Dataset items
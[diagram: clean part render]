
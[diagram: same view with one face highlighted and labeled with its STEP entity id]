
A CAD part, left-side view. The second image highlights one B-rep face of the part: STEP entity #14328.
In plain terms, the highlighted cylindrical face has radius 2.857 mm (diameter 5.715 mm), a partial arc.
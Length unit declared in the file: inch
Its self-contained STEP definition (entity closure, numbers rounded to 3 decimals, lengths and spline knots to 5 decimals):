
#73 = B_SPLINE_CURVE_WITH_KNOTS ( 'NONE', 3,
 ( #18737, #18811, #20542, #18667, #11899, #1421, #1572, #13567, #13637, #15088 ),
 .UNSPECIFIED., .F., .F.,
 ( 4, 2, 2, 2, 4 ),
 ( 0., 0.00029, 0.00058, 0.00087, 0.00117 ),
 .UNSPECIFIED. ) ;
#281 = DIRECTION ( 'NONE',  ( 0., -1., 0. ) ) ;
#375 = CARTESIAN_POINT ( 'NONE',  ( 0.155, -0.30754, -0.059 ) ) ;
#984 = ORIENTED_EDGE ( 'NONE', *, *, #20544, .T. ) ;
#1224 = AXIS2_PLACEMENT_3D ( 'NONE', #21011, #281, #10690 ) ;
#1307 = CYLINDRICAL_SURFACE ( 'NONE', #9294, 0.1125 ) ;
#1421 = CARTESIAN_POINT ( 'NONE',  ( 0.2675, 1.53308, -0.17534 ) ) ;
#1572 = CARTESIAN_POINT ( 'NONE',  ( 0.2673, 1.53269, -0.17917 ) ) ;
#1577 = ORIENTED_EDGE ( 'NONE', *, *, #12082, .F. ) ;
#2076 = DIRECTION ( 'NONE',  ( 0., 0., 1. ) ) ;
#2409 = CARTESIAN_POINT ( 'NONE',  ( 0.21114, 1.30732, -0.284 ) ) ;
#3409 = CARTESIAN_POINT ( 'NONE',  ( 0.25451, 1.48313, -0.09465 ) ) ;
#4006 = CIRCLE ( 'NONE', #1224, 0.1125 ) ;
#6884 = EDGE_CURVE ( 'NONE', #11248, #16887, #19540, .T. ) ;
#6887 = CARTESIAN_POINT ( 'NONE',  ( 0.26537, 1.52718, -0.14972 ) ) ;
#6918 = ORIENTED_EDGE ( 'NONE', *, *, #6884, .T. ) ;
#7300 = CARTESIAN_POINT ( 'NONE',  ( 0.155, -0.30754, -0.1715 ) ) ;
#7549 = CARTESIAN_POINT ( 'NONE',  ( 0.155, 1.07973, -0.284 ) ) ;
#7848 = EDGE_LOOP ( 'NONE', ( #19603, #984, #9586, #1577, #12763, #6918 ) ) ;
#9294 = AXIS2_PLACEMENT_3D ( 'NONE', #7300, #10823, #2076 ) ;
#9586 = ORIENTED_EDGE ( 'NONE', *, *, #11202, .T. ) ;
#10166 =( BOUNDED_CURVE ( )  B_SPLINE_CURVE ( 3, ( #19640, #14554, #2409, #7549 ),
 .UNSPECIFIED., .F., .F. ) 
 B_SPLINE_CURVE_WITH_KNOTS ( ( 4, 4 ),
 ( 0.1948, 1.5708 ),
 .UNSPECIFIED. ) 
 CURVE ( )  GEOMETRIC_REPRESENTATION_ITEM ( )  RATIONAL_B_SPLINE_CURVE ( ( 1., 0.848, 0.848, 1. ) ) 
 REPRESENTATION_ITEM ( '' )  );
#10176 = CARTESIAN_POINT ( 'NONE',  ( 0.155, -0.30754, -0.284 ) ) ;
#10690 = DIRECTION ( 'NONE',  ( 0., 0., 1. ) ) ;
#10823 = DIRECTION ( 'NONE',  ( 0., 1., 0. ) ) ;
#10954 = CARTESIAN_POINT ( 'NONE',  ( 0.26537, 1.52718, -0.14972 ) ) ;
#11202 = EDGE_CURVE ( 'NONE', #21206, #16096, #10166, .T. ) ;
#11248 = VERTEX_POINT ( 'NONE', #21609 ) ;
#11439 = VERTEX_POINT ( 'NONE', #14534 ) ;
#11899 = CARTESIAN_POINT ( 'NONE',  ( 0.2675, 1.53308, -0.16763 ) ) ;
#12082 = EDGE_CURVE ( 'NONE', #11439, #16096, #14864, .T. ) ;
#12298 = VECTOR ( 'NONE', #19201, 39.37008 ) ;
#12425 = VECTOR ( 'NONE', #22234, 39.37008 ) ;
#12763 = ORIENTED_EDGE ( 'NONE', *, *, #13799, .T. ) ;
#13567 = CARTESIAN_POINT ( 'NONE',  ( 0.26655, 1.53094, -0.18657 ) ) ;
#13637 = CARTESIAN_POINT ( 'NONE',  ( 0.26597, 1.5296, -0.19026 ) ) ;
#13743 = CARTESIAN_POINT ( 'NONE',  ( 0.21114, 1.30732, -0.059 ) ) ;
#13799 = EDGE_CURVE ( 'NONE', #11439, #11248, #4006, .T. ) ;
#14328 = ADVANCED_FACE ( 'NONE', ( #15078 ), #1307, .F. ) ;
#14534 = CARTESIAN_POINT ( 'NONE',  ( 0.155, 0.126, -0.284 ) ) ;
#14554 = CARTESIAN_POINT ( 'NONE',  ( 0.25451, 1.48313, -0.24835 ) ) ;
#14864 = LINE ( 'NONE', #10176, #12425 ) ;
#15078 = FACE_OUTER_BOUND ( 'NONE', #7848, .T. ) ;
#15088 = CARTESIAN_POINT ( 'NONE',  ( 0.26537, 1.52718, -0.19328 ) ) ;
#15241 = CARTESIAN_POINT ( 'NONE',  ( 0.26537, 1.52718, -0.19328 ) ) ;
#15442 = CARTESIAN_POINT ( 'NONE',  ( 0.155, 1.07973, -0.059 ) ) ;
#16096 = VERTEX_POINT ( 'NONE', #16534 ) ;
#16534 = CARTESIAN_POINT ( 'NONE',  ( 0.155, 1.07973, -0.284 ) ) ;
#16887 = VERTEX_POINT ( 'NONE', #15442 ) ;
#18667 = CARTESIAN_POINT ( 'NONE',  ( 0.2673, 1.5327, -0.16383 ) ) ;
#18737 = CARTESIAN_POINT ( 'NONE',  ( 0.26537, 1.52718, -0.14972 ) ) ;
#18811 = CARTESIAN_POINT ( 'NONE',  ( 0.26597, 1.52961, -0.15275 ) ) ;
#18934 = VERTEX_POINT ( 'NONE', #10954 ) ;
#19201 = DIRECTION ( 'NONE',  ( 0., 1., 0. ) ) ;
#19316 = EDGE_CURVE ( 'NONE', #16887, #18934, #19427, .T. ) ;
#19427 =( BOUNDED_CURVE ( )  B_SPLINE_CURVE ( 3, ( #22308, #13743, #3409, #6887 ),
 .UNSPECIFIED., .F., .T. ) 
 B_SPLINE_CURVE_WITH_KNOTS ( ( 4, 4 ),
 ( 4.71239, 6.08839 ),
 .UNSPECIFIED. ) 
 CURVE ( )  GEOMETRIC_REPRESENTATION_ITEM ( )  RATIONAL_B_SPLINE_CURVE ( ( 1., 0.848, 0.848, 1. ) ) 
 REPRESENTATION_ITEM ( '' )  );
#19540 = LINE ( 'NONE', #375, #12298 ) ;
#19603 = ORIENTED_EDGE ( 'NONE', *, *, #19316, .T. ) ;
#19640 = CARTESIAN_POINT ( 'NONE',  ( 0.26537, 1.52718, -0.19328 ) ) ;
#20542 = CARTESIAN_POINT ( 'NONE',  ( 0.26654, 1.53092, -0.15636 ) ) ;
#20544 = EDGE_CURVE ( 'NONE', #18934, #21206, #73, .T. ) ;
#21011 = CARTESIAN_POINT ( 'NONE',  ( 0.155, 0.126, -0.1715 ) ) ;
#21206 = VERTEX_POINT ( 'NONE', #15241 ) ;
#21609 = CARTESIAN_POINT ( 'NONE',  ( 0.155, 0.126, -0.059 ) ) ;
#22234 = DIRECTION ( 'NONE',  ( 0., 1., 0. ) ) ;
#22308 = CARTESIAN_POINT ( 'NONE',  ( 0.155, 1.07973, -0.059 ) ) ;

## Your instructions
Look above for the line holding "#1421 = CARTESIAN_POINT" and the line holding "#9294 = AXIS2_PLACEMENT_3D". Retype both, and every line between them, word for word and nothing else.

## Exercise solution
#1421 = CARTESIAN_POINT ( 'NONE',  ( 0.2675, 1.53308, -0.17534 ) ) ;
#1572 = CARTESIAN_POINT ( 'NONE',  ( 0.2673, 1.53269, -0.17917 ) ) ;
#1577 = ORIENTED_EDGE ( 'NONE', *, *, #12082, .F. ) ;
#2076 = DIRECTION ( 'NONE',  ( 0., 0., 1. ) ) ;
#2409 = CARTESIAN_POINT ( 'NONE',  ( 0.21114, 1.30732, -0.284 ) ) ;
#3409 = CARTESIAN_POINT ( 'NONE',  ( 0.25451, 1.48313, -0.09465 ) ) ;
#4006 = CIRCLE ( 'NONE', #1224, 0.1125 ) ;
#6884 = EDGE_CURVE ( 'NONE', #11248, #16887, #19540, .T. ) ;
#6887 = CARTESIAN_POINT ( 'NONE',  ( 0.26537, 1.52718, -0.14972 ) ) ;
#6918 = ORIENTED_EDGE ( 'NONE', *, *, #6884, .T. ) ;
#7300 = CARTESIAN_POINT ( 'NONE',  ( 0.155, -0.30754, -0.1715 ) ) ;
#7549 = CARTESIAN_POINT ( 'NONE',  ( 0.155, 1.07973, -0.284 ) ) ;
#7848 = EDGE_LOOP ( 'NONE', ( #19603, #984, #9586, #1577, #12763, #6918 ) ) ;
#9294 = AXIS2_PLACEMENT_3D ( 'NONE', #7300, #10823, #2076 ) ;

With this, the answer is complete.